[Data items]
※
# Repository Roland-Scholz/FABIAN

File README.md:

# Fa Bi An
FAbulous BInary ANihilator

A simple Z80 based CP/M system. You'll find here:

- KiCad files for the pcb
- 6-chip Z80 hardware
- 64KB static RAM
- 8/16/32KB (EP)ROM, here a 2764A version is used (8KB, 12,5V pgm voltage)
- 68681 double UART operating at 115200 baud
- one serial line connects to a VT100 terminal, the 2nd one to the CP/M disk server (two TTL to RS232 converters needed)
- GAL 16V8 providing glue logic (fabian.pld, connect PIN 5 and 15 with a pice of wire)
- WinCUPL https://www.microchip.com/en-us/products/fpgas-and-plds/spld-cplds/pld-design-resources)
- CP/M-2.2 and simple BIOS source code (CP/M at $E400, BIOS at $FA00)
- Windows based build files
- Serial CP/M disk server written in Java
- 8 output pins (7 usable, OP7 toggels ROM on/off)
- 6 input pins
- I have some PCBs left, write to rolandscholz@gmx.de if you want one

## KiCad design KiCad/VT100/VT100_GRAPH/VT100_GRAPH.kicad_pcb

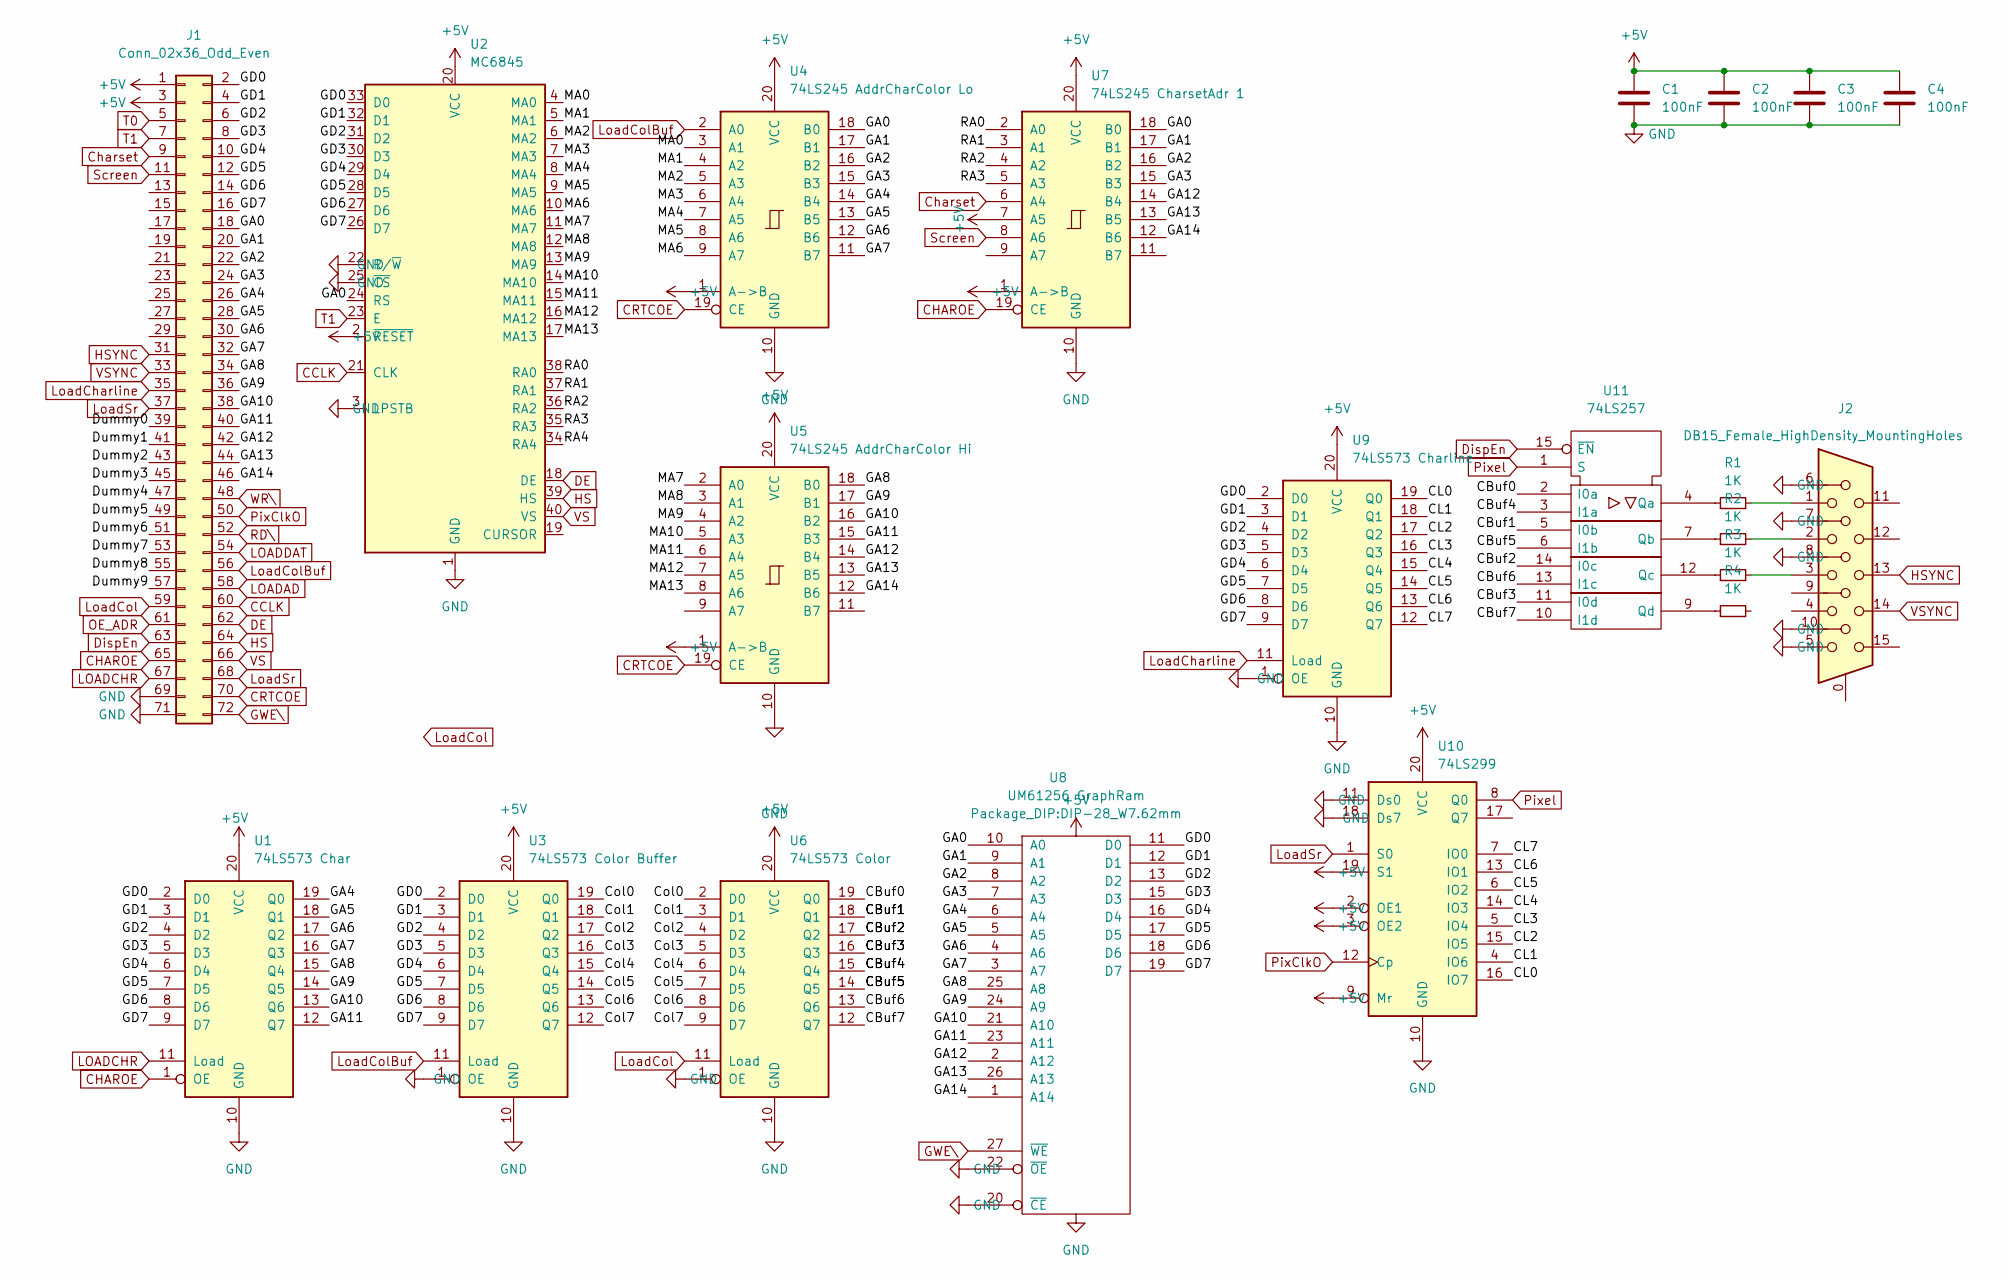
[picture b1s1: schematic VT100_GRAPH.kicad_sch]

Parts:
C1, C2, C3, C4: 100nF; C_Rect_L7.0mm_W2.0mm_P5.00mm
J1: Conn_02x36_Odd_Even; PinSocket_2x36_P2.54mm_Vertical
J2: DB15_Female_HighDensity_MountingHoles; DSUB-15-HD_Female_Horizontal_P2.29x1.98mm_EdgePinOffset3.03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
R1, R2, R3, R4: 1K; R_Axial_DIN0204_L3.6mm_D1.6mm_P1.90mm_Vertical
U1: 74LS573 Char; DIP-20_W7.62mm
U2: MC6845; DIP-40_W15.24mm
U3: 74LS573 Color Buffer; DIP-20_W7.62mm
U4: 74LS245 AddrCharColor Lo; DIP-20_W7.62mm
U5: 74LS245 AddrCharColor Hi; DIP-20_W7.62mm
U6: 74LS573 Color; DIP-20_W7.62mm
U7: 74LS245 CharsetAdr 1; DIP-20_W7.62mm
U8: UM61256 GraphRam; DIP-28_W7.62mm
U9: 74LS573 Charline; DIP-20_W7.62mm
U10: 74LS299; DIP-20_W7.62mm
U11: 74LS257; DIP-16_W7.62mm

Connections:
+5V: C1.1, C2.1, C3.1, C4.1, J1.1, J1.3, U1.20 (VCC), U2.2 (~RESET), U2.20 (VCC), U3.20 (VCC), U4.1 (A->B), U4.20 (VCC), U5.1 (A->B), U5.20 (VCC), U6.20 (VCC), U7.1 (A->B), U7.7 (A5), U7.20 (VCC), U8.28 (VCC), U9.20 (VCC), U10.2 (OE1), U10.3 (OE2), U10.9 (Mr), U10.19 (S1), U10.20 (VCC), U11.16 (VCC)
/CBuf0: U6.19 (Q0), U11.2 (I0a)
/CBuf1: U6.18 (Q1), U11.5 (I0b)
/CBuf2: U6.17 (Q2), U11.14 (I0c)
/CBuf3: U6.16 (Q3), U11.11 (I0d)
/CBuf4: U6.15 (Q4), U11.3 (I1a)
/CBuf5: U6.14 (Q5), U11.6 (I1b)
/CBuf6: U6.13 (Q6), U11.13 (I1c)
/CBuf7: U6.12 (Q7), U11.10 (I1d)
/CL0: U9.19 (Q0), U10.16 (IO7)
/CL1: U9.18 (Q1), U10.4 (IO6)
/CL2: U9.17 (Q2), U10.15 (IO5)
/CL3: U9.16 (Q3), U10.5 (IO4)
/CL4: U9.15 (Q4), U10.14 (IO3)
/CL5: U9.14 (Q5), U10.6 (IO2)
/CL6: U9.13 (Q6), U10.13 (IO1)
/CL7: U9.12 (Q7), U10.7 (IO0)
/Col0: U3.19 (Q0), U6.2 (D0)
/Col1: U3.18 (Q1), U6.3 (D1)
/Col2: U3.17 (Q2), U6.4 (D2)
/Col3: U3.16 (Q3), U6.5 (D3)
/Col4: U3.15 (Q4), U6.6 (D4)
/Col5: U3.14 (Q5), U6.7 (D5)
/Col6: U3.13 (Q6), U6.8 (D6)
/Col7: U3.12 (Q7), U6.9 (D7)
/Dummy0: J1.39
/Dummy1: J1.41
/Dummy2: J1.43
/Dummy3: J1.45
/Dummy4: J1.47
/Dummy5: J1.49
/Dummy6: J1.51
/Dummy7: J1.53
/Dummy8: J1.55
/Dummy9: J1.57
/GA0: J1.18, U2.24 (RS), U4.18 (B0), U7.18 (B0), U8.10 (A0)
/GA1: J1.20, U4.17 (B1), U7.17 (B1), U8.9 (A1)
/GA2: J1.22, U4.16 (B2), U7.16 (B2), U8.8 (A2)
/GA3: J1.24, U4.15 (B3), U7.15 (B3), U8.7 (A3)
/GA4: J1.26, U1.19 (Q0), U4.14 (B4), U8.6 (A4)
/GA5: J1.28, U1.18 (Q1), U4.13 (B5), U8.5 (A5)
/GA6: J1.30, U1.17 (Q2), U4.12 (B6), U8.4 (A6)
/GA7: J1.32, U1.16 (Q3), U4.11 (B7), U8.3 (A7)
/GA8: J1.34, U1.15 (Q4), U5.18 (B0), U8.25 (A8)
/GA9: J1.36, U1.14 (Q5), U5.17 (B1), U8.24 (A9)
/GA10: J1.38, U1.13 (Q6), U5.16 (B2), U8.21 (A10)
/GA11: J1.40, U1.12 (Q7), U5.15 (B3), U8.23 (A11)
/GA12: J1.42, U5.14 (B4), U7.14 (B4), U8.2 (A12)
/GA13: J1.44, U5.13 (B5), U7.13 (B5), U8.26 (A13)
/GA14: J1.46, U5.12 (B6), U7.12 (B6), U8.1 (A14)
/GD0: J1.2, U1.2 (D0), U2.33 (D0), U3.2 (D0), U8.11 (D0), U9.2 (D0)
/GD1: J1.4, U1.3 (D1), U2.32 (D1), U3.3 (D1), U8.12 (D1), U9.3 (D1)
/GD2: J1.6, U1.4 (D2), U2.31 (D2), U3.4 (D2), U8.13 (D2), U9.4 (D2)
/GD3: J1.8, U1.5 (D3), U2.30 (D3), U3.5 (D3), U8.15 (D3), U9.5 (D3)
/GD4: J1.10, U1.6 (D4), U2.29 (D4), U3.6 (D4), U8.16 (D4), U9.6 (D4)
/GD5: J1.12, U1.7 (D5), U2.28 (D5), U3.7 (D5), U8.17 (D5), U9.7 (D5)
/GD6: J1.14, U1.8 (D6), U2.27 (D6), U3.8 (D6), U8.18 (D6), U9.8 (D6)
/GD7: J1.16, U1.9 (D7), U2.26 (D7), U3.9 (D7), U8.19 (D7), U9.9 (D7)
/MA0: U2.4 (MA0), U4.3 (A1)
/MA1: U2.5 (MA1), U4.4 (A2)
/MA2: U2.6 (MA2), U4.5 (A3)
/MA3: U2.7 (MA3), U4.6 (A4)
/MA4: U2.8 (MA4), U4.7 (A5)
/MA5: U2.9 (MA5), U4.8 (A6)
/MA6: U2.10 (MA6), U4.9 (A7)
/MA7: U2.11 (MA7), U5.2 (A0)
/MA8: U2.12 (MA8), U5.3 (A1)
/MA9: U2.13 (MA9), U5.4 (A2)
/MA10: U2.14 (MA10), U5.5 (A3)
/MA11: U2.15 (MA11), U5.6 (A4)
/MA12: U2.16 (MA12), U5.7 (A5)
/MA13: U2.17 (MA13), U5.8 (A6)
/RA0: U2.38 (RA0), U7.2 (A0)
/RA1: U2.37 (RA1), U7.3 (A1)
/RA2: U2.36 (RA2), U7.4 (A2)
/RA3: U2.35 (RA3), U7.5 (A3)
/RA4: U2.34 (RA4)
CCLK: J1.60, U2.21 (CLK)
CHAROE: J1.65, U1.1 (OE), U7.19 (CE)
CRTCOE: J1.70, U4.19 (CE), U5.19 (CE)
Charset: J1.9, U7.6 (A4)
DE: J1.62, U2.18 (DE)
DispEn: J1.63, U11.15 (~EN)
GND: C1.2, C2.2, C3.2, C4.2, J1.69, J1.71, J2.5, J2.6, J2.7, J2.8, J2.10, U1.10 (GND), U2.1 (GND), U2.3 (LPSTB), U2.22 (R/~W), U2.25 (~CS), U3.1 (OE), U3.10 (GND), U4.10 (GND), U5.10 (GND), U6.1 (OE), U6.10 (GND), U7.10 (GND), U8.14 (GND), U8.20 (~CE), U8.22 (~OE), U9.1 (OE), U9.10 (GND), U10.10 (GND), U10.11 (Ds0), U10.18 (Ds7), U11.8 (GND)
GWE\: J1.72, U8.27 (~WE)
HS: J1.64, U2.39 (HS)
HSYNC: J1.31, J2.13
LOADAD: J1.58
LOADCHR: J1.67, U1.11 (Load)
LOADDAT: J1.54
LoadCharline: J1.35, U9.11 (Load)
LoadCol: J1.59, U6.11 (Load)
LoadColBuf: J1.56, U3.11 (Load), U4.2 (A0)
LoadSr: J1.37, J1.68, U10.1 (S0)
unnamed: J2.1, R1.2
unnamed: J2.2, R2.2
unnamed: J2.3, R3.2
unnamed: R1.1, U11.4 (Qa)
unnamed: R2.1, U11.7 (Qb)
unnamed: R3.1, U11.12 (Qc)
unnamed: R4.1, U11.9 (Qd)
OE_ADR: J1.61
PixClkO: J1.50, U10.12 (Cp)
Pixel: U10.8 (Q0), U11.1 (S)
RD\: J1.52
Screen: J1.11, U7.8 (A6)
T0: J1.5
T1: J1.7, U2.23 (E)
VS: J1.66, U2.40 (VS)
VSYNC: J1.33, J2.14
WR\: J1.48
※
### Action item
Look through the entries above, and wherever a line holds the string "based", copy it.

### Exercise solution
A simple Z80 based CP/M system. You'll find here:
- Windows based build files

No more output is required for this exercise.